Però con questi regali no sia dall arbitro che degli avversari


----------



## Divoratore Di Stelle (22 Ottobre 2022)

kYMERA ha scritto:


> Comunque la Fiorentina pure mamma mia ma come fai a prendere gol cosi. Terracciano dio santo perdi 20 minuti prima di rinviare il pallone a 1 minuto dalla fine santissimo



Alla fine ci sta, se fosse terminata 3-3 avremmo tutti lodato la voglia di tentare un ultimo assalto da parte della fiorentina.
Purtroppo avevano un figlio di cagna in difesa che ha vanificato tutto


----------



## kYMERA (22 Ottobre 2022)

Divoratore Di Stelle ha scritto:


> Alla fine ci sta, se fosse terminata 3-3 avremmo tutti lodato la voglia di tentare un ultimo assalto da parte della fiorentina.
> Purtroppo avevano un figlio di cagna in difesa che ha vanificato tutto


Ci sta perchè?

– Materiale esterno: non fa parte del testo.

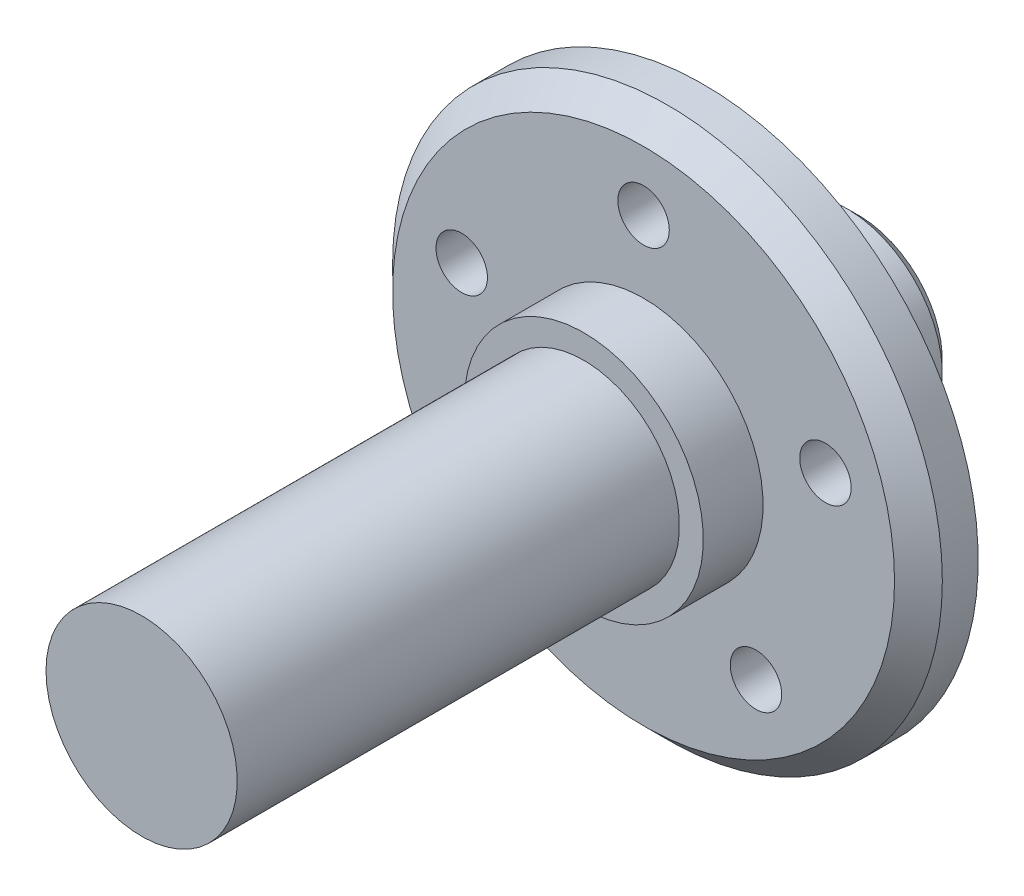
from build123d import *

# Parameters (mm, degrees)
CHAMFER1_SIZE             = 2
F_8_CLEARANCE_HOLE1_D     = 4.3053
F_8_CLEARANCE_HOLE1_DEPTH = 12
F_8_CLEARANCE_HOLE1_TIP   = 1.293442612
CHAMFER2_SIZE             = 1


with BuildPart() as part:
    # Sketch3 → Revolve1 (revolve)
    with BuildSketch(Plane(origin=(0, 0, 0), x_dir=(1, 0, 0), z_dir=(0, 1, 0))):
        Polygon((0, 0), (-8, 0), (-8, 37), (-10, 37), (-10, 42), (-23, 42), (-23, 47), (-8, 47), (-8, 60), (0, 60), align=None)
    revolve(axis=Axis((0, 0, -60), (0, 0, 1)))

    # Chamfer1
    chamfer1_edges = [part.edges().sort_by_distance(p)[0] for p in [
        (23, 0, -42),
    ]]
    chamfer(chamfer1_edges, length=CHAMFER1_SIZE)

    # #8 Clearance Hole1
    with Locations(Plane.XY.offset(-42)):
        with Locations((0, 16), (15.216904261, 4.94427191), (9.404564037, -12.94427191), (-9.404564037, -12.94427191), (-15.216904261, 4.94427191)):
            Hole(F_8_CLEARANCE_HOLE1_D / 2, depth=F_8_CLEARANCE_HOLE1_DEPTH)
            with Locations((0, 0, -(F_8_CLEARANCE_HOLE1_DEPTH + F_8_CLEARANCE_HOLE1_TIP / 2))):  # 118° drill point
                Cone(0, F_8_CLEARANCE_HOLE1_D / 2, F_8_CLEARANCE_HOLE1_TIP, mode=Mode.SUBTRACT)

    # Chamfer2
    chamfer2_edges = [part.edges().sort_by_distance(p)[0] for p in [
        (8, 0, -60),
    ]]
    chamfer(chamfer2_edges, length=CHAMFER2_SIZE)


solid = part.part
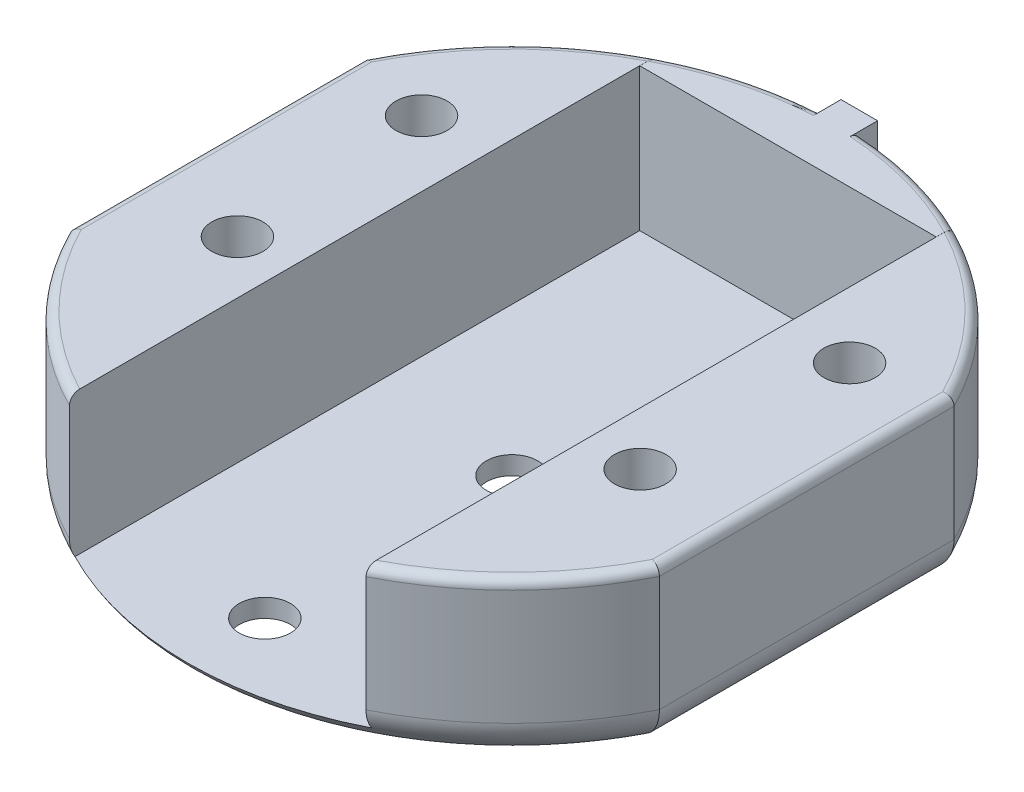
from build123d import *

# Parameters (mm, degrees)
BOSS_EXTRUDE1_DEPTH      = 1
BOSS_EXTRUDE2_DEPTH      = 18
BOSS_EXTRUDE2_DEPTH_BACK = 18.972201
SKETCH3_R                = 59.910539196270584
CUT_EXTRUDE1_DEPTH       = 28.593195008632154
CUT_EXTRUDE2_DEPTH       = 28.59319484059837
CUT_EXTRUDE2_DEPTH_BACK  = 28.59319484059837
SKETCH5_R                = 1.4
SKETCH5_R_2              = 1.3999999999999992
SKETCH5_R_3              = 1.400000000000003
SKETCH5_R_4              = 1.3999999999999988
SKETCH5_R_5              = 1.399999999999999
BOSS_EXTRUDE3_DEPTH      = 8.8
CUT_EXTRUDE3_DEPTH       = 28.290738383400775
FILLET1_R                = 2
FILLET2_R                = 0.5


with BuildPart() as part:
    # Sketch1 → Boss-Extrude1 (new body)
    with BuildSketch(Plane(origin=(0, 0, 0), x_dir=(1, 0, 0), z_dir=(0, 1, 0))):
        with BuildLine():
            Line((-1.0000000000000024, 17.97220075561143), (-1.0000000000000024, 18.97220075561143))
            Line((-1.0000000000000024, 18.97220075561143), (0.9999999999999977, 18.97220075561143))
            Line((0.9999999999999977, 18.97220075561143), (0.9999999999999981, 17.97220075561143))
            ThreePointArc((0.9999999999999981, 17.97220075561143), (-3.31e-15, -18), (-1.0000000000000024, 17.97220075561143))
        make_face()
    extrude(amount=BOSS_EXTRUDE1_DEPTH)

    # Sketch2 → Boss-Extrude2 (add, two sides: drawn at the far end of the back side and taken through both)
    with BuildSketch(Plane.XY.offset(-BOSS_EXTRUDE2_DEPTH_BACK)):
        Polygon((-16.1, 8.799999999999999), (-8.100000000000005, 8.799999999999999), (-8.099999999999996, 1), (-16.099999999999998, 1), align=None)
        Polygon((8.099999999999994, 8.799999999999999), (16.099999999999994, 8.799999999999999), (16.100000000000005, 1), (8.100000000000003, 0.9999999999999991), align=None)
    extrude(amount=BOSS_EXTRUDE2_DEPTH + BOSS_EXTRUDE2_DEPTH_BACK)

    # Sketch3 → Cut-Extrude1 (cut, through all)
    with BuildSketch(Plane.XZ):
        Circle(SKETCH3_R)
        with BuildLine():
            Line((-1.000000000000015, -17.97220075561143), (-1.0000000000000024, -18.97220075561143))
            Line((-1.0000000000000024, -18.97220075561143), (0.9999999999999977, -18.97220075561143))
            Line((0.9999999999999977, -18.97220075561143), (0.9999999999999927, -17.972200755611432))
            ThreePointArc((0.9999999999999927, -17.972200755611432), (1.309e-14, 18.000000000000004), (-1.000000000000015, -17.97220075561143))
        make_face(mode=Mode.SUBTRACT)
    extrude(amount=-CUT_EXTRUDE1_DEPTH, mode=Mode.SUBTRACT)

    # Sketch5 → Cut-Extrude2 (cut, two sides: drawn at the far end of the back side and taken through both)
    with BuildSketch(Plane(origin=(0, 0, 0), x_dir=(1, 0, 0), z_dir=(0, 1, 0)).offset(-CUT_EXTRUDE2_DEPTH_BACK)):
        with Locations(Location((0, 0, 0), (0, 0, 180))):
            Circle(SKETCH5_R)
        with Locations(Location((11, -4, 0), (0, 0, 180))):
            Circle(SKETCH5_R_2)
        with Locations(Location((-11, -4, 0), (0, 0, 180))):
            Circle(SKETCH5_R_2)
        with Locations(Location((-11.69134295108996, 6.749999999999895, 0), (0, 0, 180))):
            Circle(SKETCH5_R_3)
        with Locations(Location((1.197e-13, -13.499999999999998, 0), (0, 0, 180))):
            Circle(SKETCH5_R_4)
        with Locations(Location((11.691342951089881, 6.750000000000103, 0), (0, 0, 180))):
            Circle(SKETCH5_R_5)
    extrude(amount=CUT_EXTRUDE2_DEPTH + CUT_EXTRUDE2_DEPTH_BACK, mode=Mode.SUBTRACT)

    # Sketch6 → Boss-Extrude3 (add)
    with BuildSketch(Plane.XZ):
        with BuildLine():
            Line((-8.097530487747482, -15.075758146973973), (8.097530487747482, -15.075758146973973))
            Line((8.097530487747482, -15.075758146973973), (8.09753048774748, -16.075758146973975))
            ThreePointArc((8.09753048774748, -16.075758146973975), (4.646545909149893, -17.38992843901787), (0.9999999999999927, -17.972200755611432))
            Line((0.9999999999999927, -17.972200755611432), (0.9999999999999977, -18.97220075561143))
            Line((0.9999999999999977, -18.97220075561143), (-1.0000000000000024, -18.97220075561143))
            Line((-1.0000000000000024, -18.97220075561143), (-1.000000000000015, -17.97220075561143))
            ThreePointArc((-1.000000000000015, -17.97220075561143), (-4.646545909149902, -17.38992843901787), (-8.097530487747482, -16.075758146973975))
            Line((-8.097530487747482, -16.075758146973975), (-8.097530487747482, -15.075758146973973))
        make_face()
    extrude(amount=-BOSS_EXTRUDE3_DEPTH)

    # Sketch7 → Cut-Extrude3 (cut, through all)
    with BuildSketch(Plane(origin=(0, 1, 0), x_dir=(1, 0, 0), z_dir=(0, 1, 0))):
        with BuildLine():
            Line((16.099999999999994, 8.049223565040313), (16.099999999999994, -8.049223565040313))
            ThreePointArc((16.099999999999994, -8.049223565040313), (18.000000000000004, 0), (16.099999999999994, 8.049223565040313))
        make_face()
        with BuildLine():
            Line((-16.099999999999998, -8.049223565040306), (-16.099999999999998, 8.049223565040306))
            ThreePointArc((-16.099999999999998, 8.049223565040306), (-18.000000000000004, 2.2e-15), (-16.099999999999998, -8.049223565040306))
        make_face()
    extrude(amount=-CUT_EXTRUDE3_DEPTH, mode=Mode.SUBTRACT)

    # Fillet1
    # the kernel refuses this fillet: 2 mm, written as the material it takes off along each edge
    with BuildSketch(Plane(origin=(-3.872e-14, 0, -5.4e-16), x_dir=(0.9828239646934485, 0, 0.1845455348260998), z_dir=(0.1845455348260998, 0, -0.9828239646934485))) as fillet1_piece_1:
        with BuildLine():
            CenterArc((17.999999999999872 - FILLET1_R, -FILLET1_R), FILLET1_R, 6.36e-15, 90)
            Line((17.999999999999872, -FILLET1_R), (17.999999999999872, 0))
            Line((17.999999999999872, 0), (17.999999999999872 - FILLET1_R, 0))
        make_face()
    revolve(axis=Axis((-3.872e-14, 0, -5.4e-16), (0, -1, 0)), revolution_arc=158.7307255035683, mode=Mode.SUBTRACT)
    with BuildSketch(Plane(origin=(-3.872e-14, 0, -5.4e-16), x_dir=(0.4498628048748618, 0, -0.8930976748318865), z_dir=(-0.8930976748318865, 0, -0.4498628048748618))) as fillet1_piece_2:
        with BuildLine():
            CenterArc((18.000000000000004 - FILLET1_R, -FILLET1_R), FILLET1_R, 6.36e-15, 90)
            Line((18.000000000000007, -FILLET1_R), (18.000000000000004, 0))
            Line((18.000000000000004, 0), (18.000000000000004 - FILLET1_R, 0))
        make_face()
    revolve(axis=Axis((-3.872e-14, 0, -5.4e-16), (0, -1, 0)), revolution_arc=52.61883467829079, mode=Mode.SUBTRACT)
    with BuildSketch(Plane(origin=(16.099999999999994, 0, 13.049223565040313), x_dir=(-1, 0, 0), z_dir=(0, 0, -1))) as fillet1_piece_3:
        with BuildLine():
            CenterArc((FILLET1_R, FILLET1_R), FILLET1_R, 180, 90)
            Line((0, FILLET1_R), (0, 0))
            Line((0, 0), (FILLET1_R, 0))
        make_face()
    extrude(amount=26.098447130080626, mode=Mode.SUBTRACT)
    with BuildSketch(Plane(origin=(-16.099999999999998, 0, -13.049223565040311), x_dir=(1, 0, 0), z_dir=(0, 0, 1))) as fillet1_piece_4:
        with BuildLine():
            CenterArc((FILLET1_R, FILLET1_R), FILLET1_R, 180, 90)
            Line((0, FILLET1_R), (0, 0))
            Line((0, 0), (FILLET1_R, 0))
        make_face()
    extrude(amount=26.098447130080615, mode=Mode.SUBTRACT)
    with BuildSketch(Plane(origin=(-3.872e-14, 0, -5.4e-16), x_dir=(-0.9827864332200049, 0, -0.18474530218303542), z_dir=(-0.18474530218303542, 0, 0.9827864332200049))) as fillet1_piece_5:
        with BuildLine():
            CenterArc((18.000000000000007 - FILLET1_R, -FILLET1_R), FILLET1_R, 0, 90)
            Line((18.000000000000007 - FILLET1_R, 2.2e-16), (18.000000000000007, 0))
            Line((18.000000000000007, 0), (18.000000000000007, -FILLET1_R))
        make_face()
    revolve(axis=Axis((-3.872e-14, 0, -5.4e-16), (0, -1, 0)), revolution_arc=52.61883467829094, mode=Mode.SUBTRACT)
    with BuildSketch(Plane(origin=(-3.872e-14, 0, -5.4e-16), x_dir=(-0.44986280487485913, 0, -0.8930976748318878), z_dir=(-0.8930976748318878, 0, 0.44986280487485913))) as fillet1_piece_6_section:
        with BuildLine():
            CenterArc((18 - FILLET1_R, -FILLET1_R), FILLET1_R, 0, 89.9999999999999)
            Line((18 - FILLET1_R, 2.2e-16), (18, 0))
            Line((18, 0), (18, -FILLET1_R))
        make_face()
    fillet1_piece_6 = revolve(axis=Axis((-3.872e-14, 0, -5.4e-16), (0, -1, 0)), revolution_arc=39.46607540970417, mode=Mode.PRIVATE)
    fillet1_piece_6 = split(fillet1_piece_6, bisect_by=Plane(origin=(-1.0000000000000024, 0.45992141450225776, -16.842636156243355), z_dir=(-1, 0, 0)), keep=Keep.TOP, mode=Mode.PRIVATE)
    add(fillet1_piece_6, mode=Mode.SUBTRACT)
    with BuildSketch(Plane(origin=(-3.872e-14, 0, -5.4e-16), x_dir=(-0.44986280487485913, 0, -0.8930976748318878), z_dir=(-0.8930976748318878, 0, 0.44986280487485913))) as fillet1_piece_7_section:
        with BuildLine():
            CenterArc((18 - FILLET1_R, -FILLET1_R), FILLET1_R, 0, 89.9999999999999)
            Line((18 - FILLET1_R, 2.2e-16), (18, 0))
            Line((18, 0), (18, -FILLET1_R))
        make_face()
    fillet1_piece_7 = revolve(axis=Axis((-3.872e-14, 0, -5.4e-16), (0, -1, 0)), revolution_arc=39.46607540970417, mode=Mode.PRIVATE)
    fillet1_piece_7 = split(fillet1_piece_7, bisect_by=Plane(origin=(0.9999999999999897, 0.4612121351403519, -17.37087292856804), z_dir=(1, 0, 5e-15)), keep=Keep.TOP, mode=Mode.PRIVATE)
    add(fillet1_piece_7, mode=Mode.SUBTRACT)
    with BuildSketch(Plane(origin=(-3.872e-14, 0, -5.4e-16), x_dir=(-0.22037727986092012, 0, -0.9754147089936167), z_dir=(-0.9754147089936167, 0, 0.22037727986092012))) as fillet1_piece_8_section:
        with BuildLine():
            CenterArc((18.000000000000014 - FILLET1_R, -FILLET1_R), FILLET1_R, 1.272e-14, 90)
            Line((18.000000000000014, -FILLET1_R), (18.000000000000014, 0))
            Line((18.000000000000014, 0), (18.000000000000014 - FILLET1_R, 0))
        make_face()
    fillet1_piece_8 = revolve(axis=Axis((-3.872e-14, 0, -5.4e-16), (0, -1, 0)), revolution_arc=39.46607540970416, mode=Mode.PRIVATE)
    fillet1_piece_8 = split(fillet1_piece_8, bisect_by=Plane(origin=(-1.0000000000000024, 0.4612120759147971, -17.37087269742329), z_dir=(-1, 0, 0)), keep=Keep.TOP, mode=Mode.PRIVATE)
    add(fillet1_piece_8, mode=Mode.SUBTRACT)
    with BuildSketch(Plane(origin=(-3.872e-14, 0, -5.4e-16), x_dir=(-0.22037727986092012, 0, -0.9754147089936167), z_dir=(-0.9754147089936167, 0, 0.22037727986092012))) as fillet1_piece_9_section:
        with BuildLine():
            CenterArc((18.000000000000014 - FILLET1_R, -FILLET1_R), FILLET1_R, 1.272e-14, 90)
            Line((18.000000000000014, -FILLET1_R), (18.000000000000014, 0))
            Line((18.000000000000014, 0), (18.000000000000014 - FILLET1_R, 0))
        make_face()
    fillet1_piece_9 = revolve(axis=Axis((-3.872e-14, 0, -5.4e-16), (0, -1, 0)), revolution_arc=39.46607540970416, mode=Mode.PRIVATE)
    fillet1_piece_9 = split(fillet1_piece_9, bisect_by=Plane(origin=(0.999999999999987, 0.4599214469726478, -16.84263631620444), z_dir=(1, 0, 5e-15)), keep=Keep.TOP, mode=Mode.PRIVATE)
    add(fillet1_piece_9, mode=Mode.SUBTRACT)

    # Fillet2
    fillet2_edges = [part.edges().sort_by_distance(p)[0] for p in [
        (4.646545909149891, 8.8, -17.38992843901787),
        (-4.646545909149905, 8.8, -17.389928439017865),
        (16.099999999999994, 8.799999999999999, 0),
        (-16.1, 8.799999999999999, 0),
        (-12.747992845911156, 8.799999999999999, 12.70781957696123),
        (-12.747992845911165, 8.799999999999999, -12.707819576961219),
        (12.747992845911162, 8.799999999999999, 12.707819576961153),
        (12.74799284591116, 8.799999999999999, -12.707819576961155),
    ]]
    fillet(fillet2_edges, radius=FILLET2_R)


solid = part.part
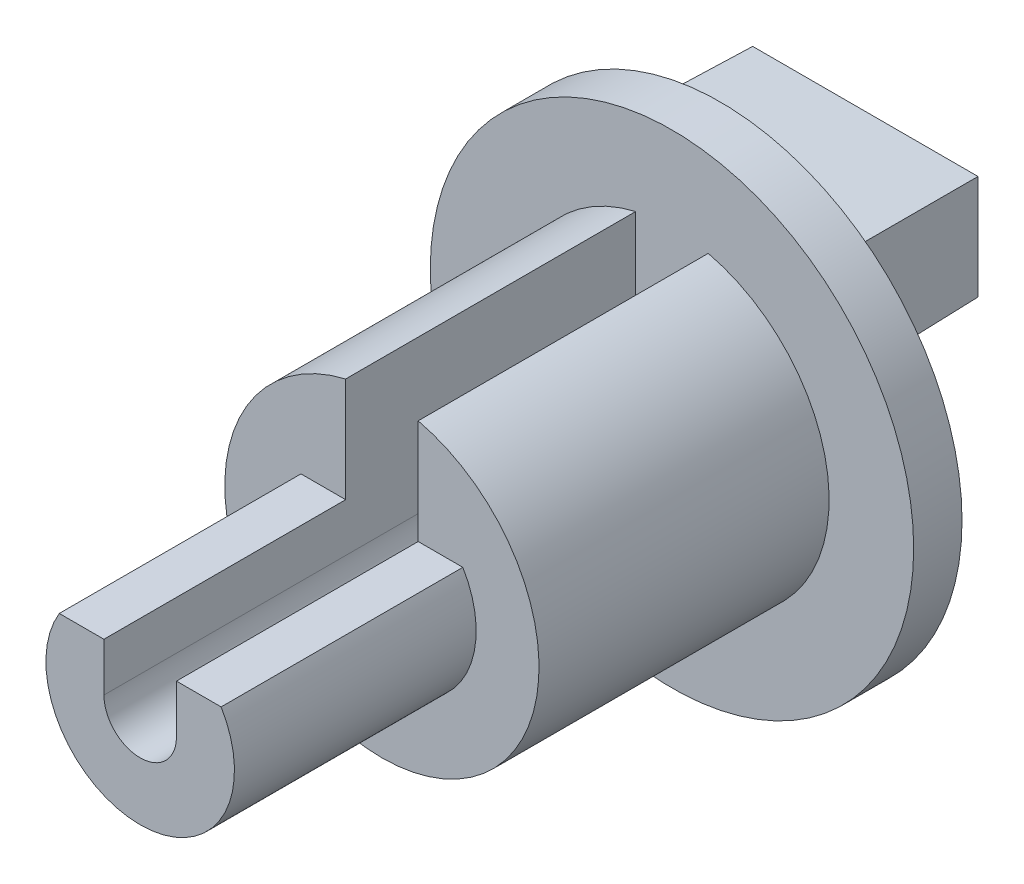
from build123d import *

# Parameters (mm, degrees)
STOCK_5_GEAR_5_OUTPUT_GEAR_32TEETH_0_5M_DEPTH = 6
STOCK_5_GEAR_START                            = 6
STOCK_5_GEAR_5_OUTPUT_GEAR_32TEETH_3_DEPTH    = 5
SKETCH1_W                                     = 2.3
SKETCH1_H                                     = 6.8
BOSS_EXTRUDE1_DEPTH                           = 4
BOSS_EXTRUDE1_DRAFT                           = 1
SKETCH1_W_2                                   = 4.8
SKETCH1_H_2                                   = 2.3
BOSS_EXTRUDE1_PROFILE_2_DEPTH                 = 4
BOSS_EXTRUDE1_PROFILE_2_DRAFT                 = 1
SKETCH2_R                                     = 5
BOSS_EXTRUDE2_DEPTH                           = 1


# Read off the part's stored shape, not the designer's step: Stock-5_Gear 5__Output Gear_32Teeth_0.5Modulus-1
with BuildPart() as part:
    # Stock-5_Gear 5__Output Gear_32Teeth_ 2 → Stock-5_Gear 5__Output Gear_32Teeth_0.5Modulus-1 (new body)
    with BuildSketch(Plane.XY):
        with BuildLine():
            ThreePointArc((-0.75, 3.16227766), (0, -3.25), (0.75, 3.16227766))
            Line((0.75, 3.16227766), (0.75, 0))
            ThreePointArc((0.75, 0), (0, -0.75), (-0.75, 0))
            Line((-0.75, 0), (-0.75, 3.16227766))
        make_face()
    extrude(amount=STOCK_5_GEAR_5_OUTPUT_GEAR_32TEETH_0_5M_DEPTH)

    # Stock-5_Gear 5__Output Gear_32Teeth_ 3 o → Stock-5_Gear 5__Output Gear_32Teeth_ 3 (add)
    with BuildSketch(Plane.XY.offset(STOCK_5_GEAR_START)):
        with BuildLine():
            Line((1.674066904, 1), (0.75, 1))
            Line((0.75, 1), (0.75, 0))
            ThreePointArc((0.75, 0), (0, -0.75), (-0.75, 0))
            Line((-0.75, 0), (-0.75, 1))
            Line((-0.75, 1), (-1.674066904, 1))
            ThreePointArc((-1.674066904, 1), (0, -1.95), (1.674066904, 1))
        make_face()
    extrude(amount=STOCK_5_GEAR_5_OUTPUT_GEAR_32TEETH_3_DEPTH)


with BuildPart() as boss_extrude1_tool:
    # Sketch1 → Boss-Extrude1 (with draft: the straight prism first)
    with BuildSketch(Plane(origin=(0, 0, 0), x_dir=(-1, 0, 0), z_dir=(0, 0, -1))):
        Rectangle(SKETCH1_W, SKETCH1_H)
    extrude(amount=BOSS_EXTRUDE1_DEPTH)
    # Boss-Extrude1: the draft: its side faces are tilted about the plane it starts from
    boss_extrude1_sides = [boss_extrude1_tool.faces().sort_by_distance(p)[0] for p in [
        (0, -3.4, -2),
        (-1.15, 0, -2),
        (0, 3.4, -2),
        (1.15, 0, -2),
    ]]
    draft(boss_extrude1_sides, Plane(origin=(0, 0, 0), x_dir=(-1, 0, 0), z_dir=(0, 0, -1)), BOSS_EXTRUDE1_DRAFT)


with BuildPart() as part_1:
    add(part.part)

    # Boss-Extrude1: add boss_extrude1_tool
    add(boss_extrude1_tool.part)


with BuildPart() as boss_extrude1_profile_2_tool:
    # Sketch1 → Boss-Extrude1 profile 2 (with draft: the straight prism first)
    with BuildSketch(Plane(origin=(0, 0, 0), x_dir=(-1, 0, 0), z_dir=(0, 0, -1))):
        with Locations((0, 2.25)):
            Rectangle(SKETCH1_W_2, SKETCH1_H_2)
    extrude(amount=BOSS_EXTRUDE1_PROFILE_2_DEPTH)
    # Boss-Extrude1 profile 2: the draft: its side faces are tilted about the plane it starts from
    boss_extrude1_profile_2_sides = [boss_extrude1_profile_2_tool.faces().sort_by_distance(p)[0] for p in [
        (0, 3.4, -2),
        (2.4, 2.25, -2),
        (0, 1.1, -2),
        (-2.4, 2.25, -2),
    ]]
    draft(boss_extrude1_profile_2_sides, Plane(origin=(0, 0, 0), x_dir=(-1, 0, 0), z_dir=(0, 0, -1)), BOSS_EXTRUDE1_PROFILE_2_DRAFT)


with BuildPart() as part_2:
    add(part_1.part)

    # Boss-Extrude1 profile 2: add boss_extrude1_profile_2_tool
    add(boss_extrude1_profile_2_tool.part)

    # Sketch2 → Boss-Extrude2 (add)
    with BuildSketch(Plane(origin=(0, 0, 0), x_dir=(-1, 0, 0), z_dir=(0, 0, -1))):
        Circle(SKETCH2_R)
    extrude(amount=BOSS_EXTRUDE2_DEPTH)


solid = part_2.part

La Fiorentina doveva giocare almeno 60 min di partita con un uomo in più. Va bene tutto ma sono stati rapinati, non possiamo dire che ci sta.
Questi sono veramente ingiocabili nel senso che ogni volta che giochi trovano un modo di sfangarla sempre.


----------



## Divoratore Di Stelle (22 Ottobre 2022)

kYMERA ha scritto:


> Ci sta perchè? La Fiorentina doveva giocare almeno 60 min di partita con un uomo in più. Va bene tutto ma sono stati rapinati, non possiamo dire che ci sta.
> Questi sono veramente ingiocabili nel senso che ogni volta che giochi trovano un modo di sfangarla sempre.



Il mio messaggio era riferito all'ultimo rinvio di terracciano


----------



## Blu71 (22 Ottobre 2022)

kYMERA ha scritto:


> Ci sta perchè? La Fiorentina doveva giocare almeno 60 min di partita con un uomo in più. Va bene tutto ma sono stati rapinati, non possiamo dire che ci sta.
> Questi sono veramente *ingiocabili* nel senso che ogni volta che giochi trovano un modo di sfangarla sempre.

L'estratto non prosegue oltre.